#### Input for this task
■ ■ ■

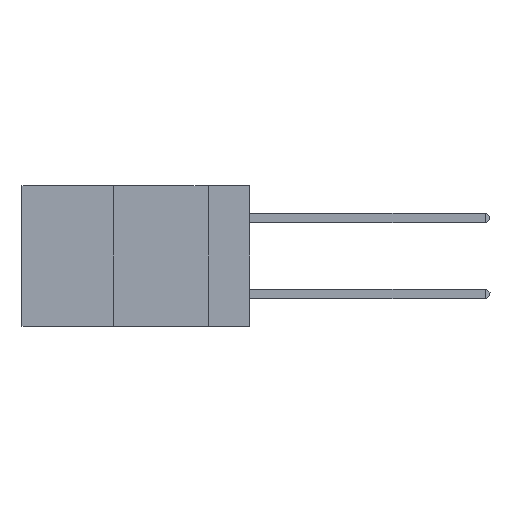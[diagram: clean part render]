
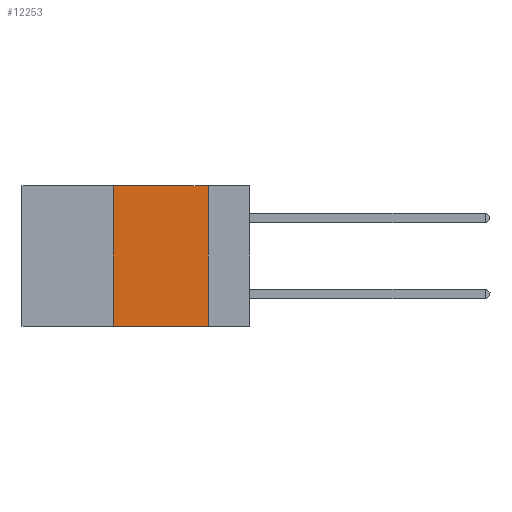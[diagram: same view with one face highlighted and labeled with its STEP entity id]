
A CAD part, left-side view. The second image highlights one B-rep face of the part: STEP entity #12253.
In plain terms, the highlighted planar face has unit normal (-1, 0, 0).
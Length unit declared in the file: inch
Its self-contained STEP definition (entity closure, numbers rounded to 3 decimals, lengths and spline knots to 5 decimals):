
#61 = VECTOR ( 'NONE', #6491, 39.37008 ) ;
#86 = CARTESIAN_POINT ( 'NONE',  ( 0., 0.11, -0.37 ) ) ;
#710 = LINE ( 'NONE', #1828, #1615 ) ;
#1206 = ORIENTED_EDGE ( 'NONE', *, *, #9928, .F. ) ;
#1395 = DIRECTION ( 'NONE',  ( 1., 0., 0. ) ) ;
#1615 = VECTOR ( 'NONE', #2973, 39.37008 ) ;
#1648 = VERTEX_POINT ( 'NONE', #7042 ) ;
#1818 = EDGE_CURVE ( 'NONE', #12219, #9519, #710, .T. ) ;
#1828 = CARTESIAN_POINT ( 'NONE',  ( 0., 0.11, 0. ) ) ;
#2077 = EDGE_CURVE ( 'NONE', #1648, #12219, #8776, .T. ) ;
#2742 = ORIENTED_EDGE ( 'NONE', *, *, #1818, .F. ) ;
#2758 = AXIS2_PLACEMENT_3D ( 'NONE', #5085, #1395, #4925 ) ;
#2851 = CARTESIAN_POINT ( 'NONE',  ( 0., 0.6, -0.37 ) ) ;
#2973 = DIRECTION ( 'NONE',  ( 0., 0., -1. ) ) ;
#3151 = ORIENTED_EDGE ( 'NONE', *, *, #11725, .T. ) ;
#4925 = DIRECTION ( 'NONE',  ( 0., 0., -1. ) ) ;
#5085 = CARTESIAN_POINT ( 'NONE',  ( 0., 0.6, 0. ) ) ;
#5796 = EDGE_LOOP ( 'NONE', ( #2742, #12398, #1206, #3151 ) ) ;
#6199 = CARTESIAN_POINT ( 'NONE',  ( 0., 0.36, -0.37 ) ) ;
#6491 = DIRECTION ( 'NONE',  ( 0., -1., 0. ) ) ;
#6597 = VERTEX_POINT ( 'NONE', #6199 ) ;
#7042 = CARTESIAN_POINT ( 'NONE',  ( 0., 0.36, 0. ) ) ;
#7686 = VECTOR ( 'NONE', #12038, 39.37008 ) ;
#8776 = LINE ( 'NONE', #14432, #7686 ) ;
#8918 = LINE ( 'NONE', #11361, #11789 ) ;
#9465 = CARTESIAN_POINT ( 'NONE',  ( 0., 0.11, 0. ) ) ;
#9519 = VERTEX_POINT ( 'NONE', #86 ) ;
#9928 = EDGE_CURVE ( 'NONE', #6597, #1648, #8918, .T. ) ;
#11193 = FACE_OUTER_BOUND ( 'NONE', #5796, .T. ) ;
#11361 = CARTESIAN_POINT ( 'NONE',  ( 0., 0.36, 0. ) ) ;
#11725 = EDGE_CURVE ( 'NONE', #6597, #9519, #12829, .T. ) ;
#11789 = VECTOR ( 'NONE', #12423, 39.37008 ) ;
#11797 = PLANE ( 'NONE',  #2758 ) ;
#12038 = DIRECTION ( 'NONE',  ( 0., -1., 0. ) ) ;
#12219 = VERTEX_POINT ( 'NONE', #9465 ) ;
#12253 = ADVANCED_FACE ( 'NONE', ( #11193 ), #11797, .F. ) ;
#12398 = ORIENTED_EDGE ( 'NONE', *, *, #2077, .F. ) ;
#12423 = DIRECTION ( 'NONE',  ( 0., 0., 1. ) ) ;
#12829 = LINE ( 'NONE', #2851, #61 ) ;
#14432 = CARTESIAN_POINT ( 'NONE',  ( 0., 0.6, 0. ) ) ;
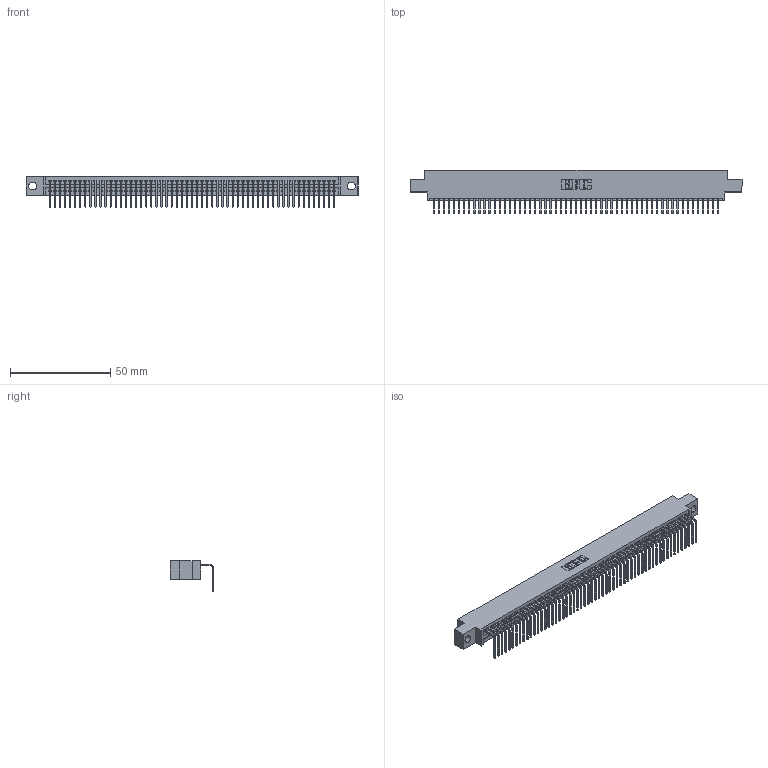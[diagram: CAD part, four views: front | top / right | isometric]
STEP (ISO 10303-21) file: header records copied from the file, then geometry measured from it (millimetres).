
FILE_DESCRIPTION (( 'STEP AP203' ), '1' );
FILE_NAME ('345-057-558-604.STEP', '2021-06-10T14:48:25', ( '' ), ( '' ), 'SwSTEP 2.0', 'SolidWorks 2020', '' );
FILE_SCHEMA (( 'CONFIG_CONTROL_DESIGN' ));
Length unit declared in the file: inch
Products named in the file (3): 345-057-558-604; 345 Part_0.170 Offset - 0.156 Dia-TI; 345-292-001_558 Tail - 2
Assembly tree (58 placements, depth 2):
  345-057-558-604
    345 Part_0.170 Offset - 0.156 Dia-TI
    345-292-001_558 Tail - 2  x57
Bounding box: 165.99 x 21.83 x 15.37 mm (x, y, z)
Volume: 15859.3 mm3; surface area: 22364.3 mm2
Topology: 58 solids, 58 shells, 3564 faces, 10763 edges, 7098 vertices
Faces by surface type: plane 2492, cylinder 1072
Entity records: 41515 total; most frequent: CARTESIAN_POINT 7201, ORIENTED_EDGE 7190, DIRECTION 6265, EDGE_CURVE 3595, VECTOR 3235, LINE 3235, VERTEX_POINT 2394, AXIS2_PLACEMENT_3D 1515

■ ■ ■

#### Prompt
Copy every line from the entries that contains the word "Offset".

#### Exercise result
Products named in the file (3): 345-057-558-604; 345 Part_0.170 Offset - 0.156 Dia-TI; 345-292-001_558 Tail - 2
    345 Part_0.170 Offset - 0.156 Dia-TI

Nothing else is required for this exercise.